Depression can happen to anyone at any stage of life. However, many older adults may experience symptoms of depression during a period of change in their lives. Experiencing symptoms of depression can occur for a variety of reasons. For some, depression can occur after a major life event or a serious illness, while others may experience depression as a result of social illness and loneliness. Not to mention—some seniors may feel depressed without any reason at all.
Experiencing symptoms of depression can make them feel hopeless, often leaving older adults with many symptoms. Despite how hopeless depression may feel, help is available. Below, learn more about the available resources to help you manage depression as a senior.
Factors Linked to Depression in Aging Adults
As mentioned above, aging adults can experience depression for many reasons. One common risk factor includes dealing with other health conditions, such as cancer or a stroke. Others may find that the functional limitations of aging (changing body abilities) may cause depression. Other common risk factors include lack of exercise, stress, issues sleeping, genetic factors, or a history of addiction or alcoholism.
Symptoms of Depression
Depression can look entirely different from person to person. You may experience some of these symptoms, one of these symptoms, or none at all. Some symptoms commonly associated with depression include:
- Feeling sad or anxious
- Feelings of emptiness
- Difficulty sleeping or concentrating
- Less energy, increased fatigue
- Feeling hopeless or worthless
- Changes in eating patterns
- Loss of interest in activities
It's important to speak with your doctor about the symptoms of depression you are experiencing.

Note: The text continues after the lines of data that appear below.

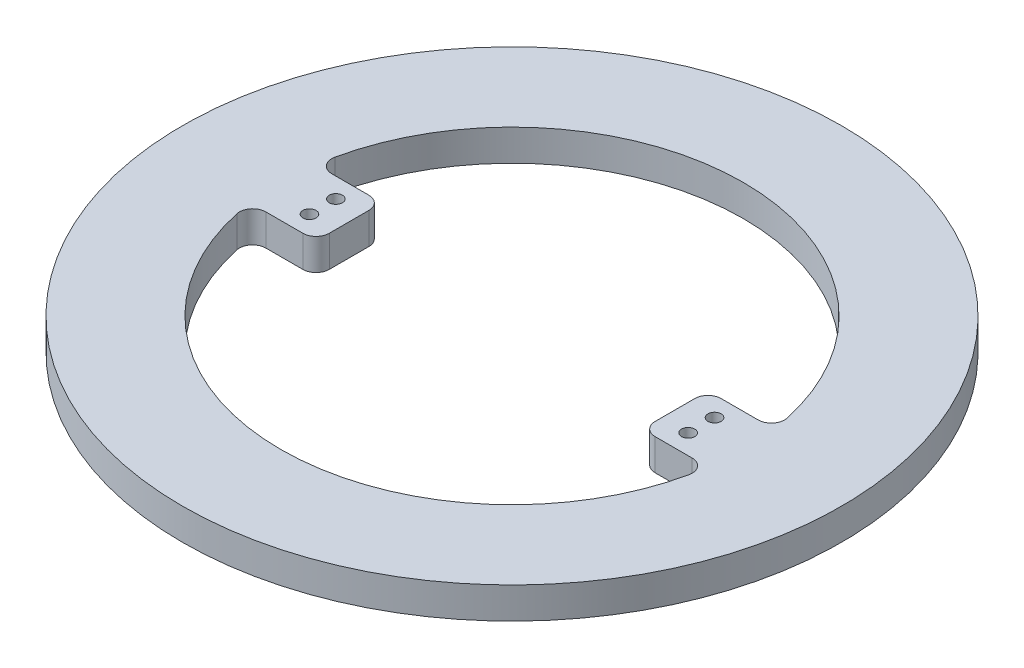
from build123d import *

# Parameters (mm, degrees)
SKETCH1_R           = 49.95
SKETCH1_R_2         = 1
BOSS_EXTRUDE1_DEPTH = 4.75


with BuildPart() as part:
    # Sketch1 → Boss-Extrude1 (new body)
    with BuildSketch(Plane(origin=(0, 0, 0), x_dir=(1, 0, 0), z_dir=(0, 1, 0))):
        Circle(SKETCH1_R)
        with Locations((-28.698085879, -2)):
            Circle(SKETCH1_R_2, mode=Mode.SUBTRACT)
        with Locations((-28.698085879, 2)):
            Circle(SKETCH1_R_2, mode=Mode.SUBTRACT)
        with Locations((28.698085879, -2)):
            Circle(SKETCH1_R_2, mode=Mode.SUBTRACT)
        with Locations((28.698085879, 2)):
            Circle(SKETCH1_R_2, mode=Mode.SUBTRACT)
        with BuildLine():
            Line((-32.306829346, -5), (-26.698085879, -5))
            ThreePointArc((-26.698085879, -5), (-25.283872317, -4.414213562), (-24.698085879, -3))
            Line((-24.698085879, -3), (-24.698085879, 3))
            ThreePointArc((-24.698085879, 3), (-25.283872317, 4.414213562), (-26.698085879, 5))
            Line((-26.698085879, 5), (-32.306829346, 5))
            ThreePointArc((-32.306829346, 5), (-33.863594421, 5.744419457), (-34.261473284, 7.423517499))
            ThreePointArc((-34.261473284, 7.423517499), (0, 35.05648533), (34.261473284, 7.423517499))
            ThreePointArc((34.261473284, 7.423517499), (33.863594421, 5.744419457), (32.306829346, 5))
            Line((32.306829346, 5), (26.698085879, 5))
            ThreePointArc((26.698085879, 5), (25.283872317, 4.414213562), (24.698085879, 3))
            Line((24.698085879, 3), (24.698085879, -3))
            ThreePointArc((24.698085879, -3), (25.283872317, -4.414213562), (26.698085879, -5))
            Line((26.698085879, -5), (32.306829346, -5))
            ThreePointArc((32.306829346, -5), (33.863594421, -5.744419457), (34.261473284, -7.423517499))
            ThreePointArc((34.261473284, -7.423517499), (0, -35.05648533), (-34.261473284, -7.423517499))
            ThreePointArc((-34.261473284, -7.423517499), (-33.863594421, -5.744419457), (-32.306829346, -5))
        make_face(mode=Mode.SUBTRACT)
    extrude(amount=BOSS_EXTRUDE1_DEPTH)


solid = part.part
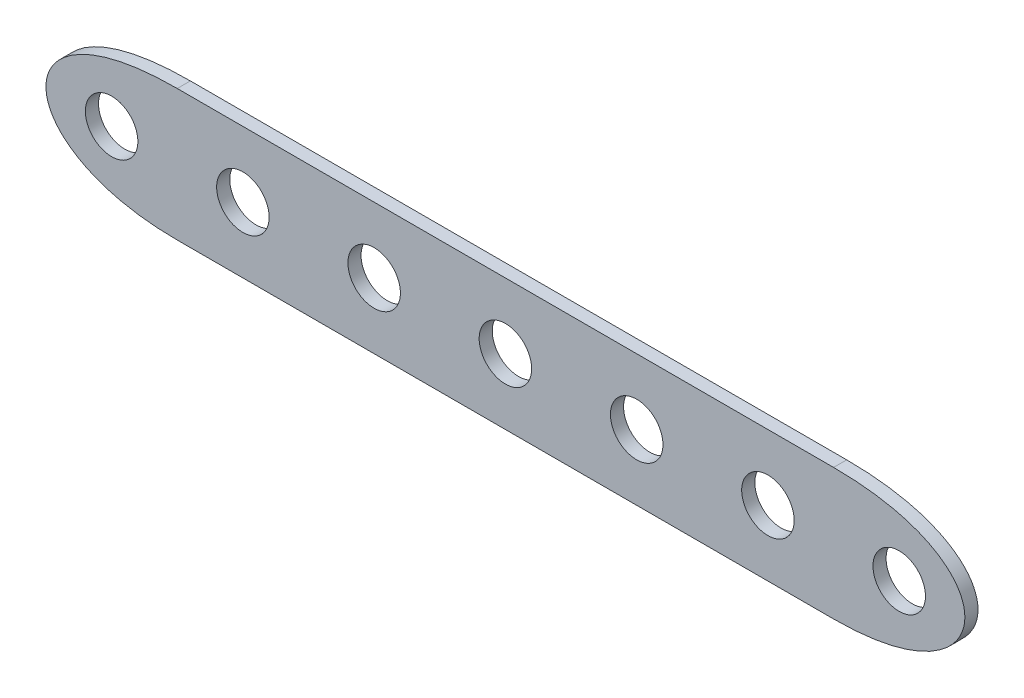
from build123d import *

# Parameters (mm, degrees)
SKETCH_3_R      = 2
EXTRUDE_1_DEPTH = 1


with BuildPart() as part:
    # Эскиз3 → Бобышка-Вытянуть1 (new body)
    with BuildSketch(Plane.XY):
        with BuildLine():
            Line((10, 0), (60, 0))
            add(Edge.make_bspline(
                [(60, 0), (73.743685419, 0), (72.922981248, -10), (60, -10)],
                knots=[0, 0, 0, 0, 1, 1, 1, 1], degree=3))
            Line((60, -10), (10, -10))
            add(Edge.make_bspline(
                [(10, 0), (-3.743685419, 0), (-2.922981248, -10), (10, -10)],
                knots=[0, 0, 0, 0, 1, 1, 1, 1], degree=3))
        make_face()
        with Locations((5, -5)):
            Circle(SKETCH_3_R, mode=Mode.SUBTRACT)
        with Locations((65, -5)):
            Circle(SKETCH_3_R, mode=Mode.SUBTRACT)
        with Locations((15, -5)):
            Circle(SKETCH_3_R, mode=Mode.SUBTRACT)
        with Locations((25, -5)):
            Circle(SKETCH_3_R, mode=Mode.SUBTRACT)
        with Locations((35, -5)):
            Circle(SKETCH_3_R, mode=Mode.SUBTRACT)
        with Locations((45, -5)):
            Circle(SKETCH_3_R, mode=Mode.SUBTRACT)
        with Locations((55, -5)):
            Circle(SKETCH_3_R, mode=Mode.SUBTRACT)
    extrude(amount=EXTRUDE_1_DEPTH)


solid = part.part

Steps to Take for Managing Depression
If you've experienced symptoms of depression as an older adult, know you're not alone. While depression cannot be prevented, you can help improve symptoms and receive supportive treatment. Many people experiencing depression tend to shut down, closing off outside help and keeping their feelings to themselves. While this may seem like a great idea, keeping your feelings to yourself and isolating yourself can make depression symptoms worse.
Instead, look for support in your social circle of family and friends. Keeping active in the activities you enjoy and maintaining social connections can help improve your overall mental health. Whether trying something new, like a club or a sport or staying physically active by walking, keeping your body and mind active can help improve depression symptoms.
It may take time to find what helps you personally manage depression symptoms. Some older adults find relief in participating in community activities, traveling, or learning a new skill. Furthermore, supporting your body with healthy nutrition and enough sleep each night is important to enhancing your overall mood.
When it comes to managing symptoms of depression, you're not alone. Speak with your friends and family to find support. And, of course, speak to your doctor or healthcare team about your symptoms to get you the treatment you need.